Key LLM Observability Metrics

In addition to the standard RED metrics (rate, errors, duration), LLM serving requires a second tier of token-level metrics:

Tokens per second (TPS): decode throughput; H100 with vLLM on Llama-3-70B delivers ~400–600 tok/s at batch 32. Falling below baseline indicates KV-cache thrashing or thermal throttling.
Time-to-first-token (TTFT): latency of the prefill phase; dominated by prompt length. P99 TTFT > 3 s is usually unacceptable for interactive use cases.
KV-cache utilisation: exposed by vLLM's /metrics endpoint as vllm:gpu_cache_usage_perc. Sustained > 90% causes request queuing; reduce max-model-len or add GPU capacity.
Token cost per request: (prompt_tokens + completion_tokens) × cost_per_token. Alert on p95 exceeding budget — runaway agentic loops show up here first.

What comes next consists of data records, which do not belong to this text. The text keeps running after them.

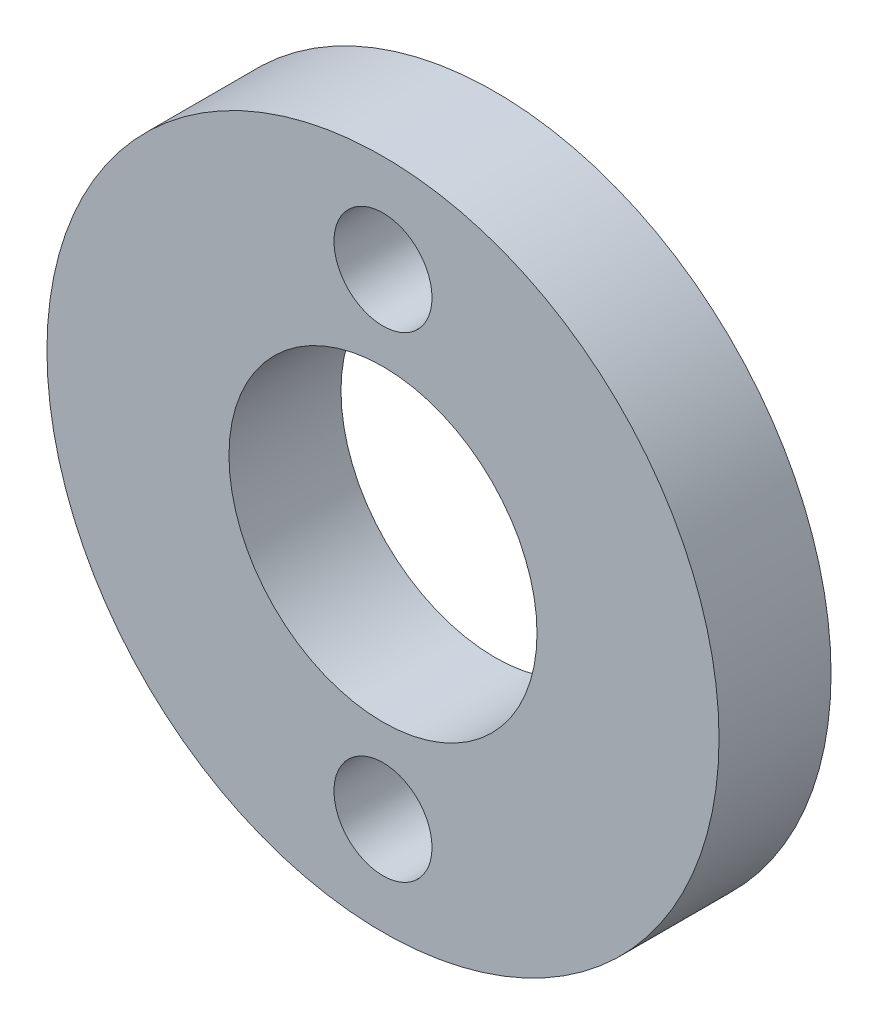
SolidWorks part; units mm, degrees
ref_plane "Спереди" through (0, 0, 0) normal (0, 0, 1) x (1, 0, 0)
ref_plane "Сверху" through (0, 0, 0) normal (0, 1, 0) x (1, 0, 0)
ref_plane "Справа" through (0, 0, 0) normal (1, 0, 0) x (0, 0, -1)
sketch "Эскиз1" plane through (0, 0, 0) normal (0, 0, 1) x (1, 0, 0)
  line L0 (0, 8.5) -> (0, -8.5) construction
  circle A0 centre (0, 0) radius 12
  circle A1 centre (0, 0) radius 5.5
  circle A2 centre (0, 8.5) radius 1.75
  circle A3 centre (0, -8.5) radius 1.75
  dimension "D1" = 24
  dimension "D2" = 11
  dimension "D3" = 17
  dimension "D4" = 3.5
extrude "Бобышка-Вытянуть1" add sketch "Эскиз1" along normal blind 4

Runaway context attacks: an adversarial user (or a looping agent) that sends a 128k-token prompt on every request can exhaust your KV-cache and starve all other traffic. Enforce max_prompt_tokens at the gateway layer, not only inside the model server. Rate-limit by token count, not just by request count. Alert when any single session exceeds a token budget threshold (e.g. 50k tokens in 5 minutes).

LLM Operations is the highest-leverage area in AI infrastructure right now. The teams that invest in GPU memory budgeting, multi-level caching, and versioned prompt pipelines — rather than treating LLMs as black-box API calls — are the ones delivering reliable, cost-effective AI features at scale.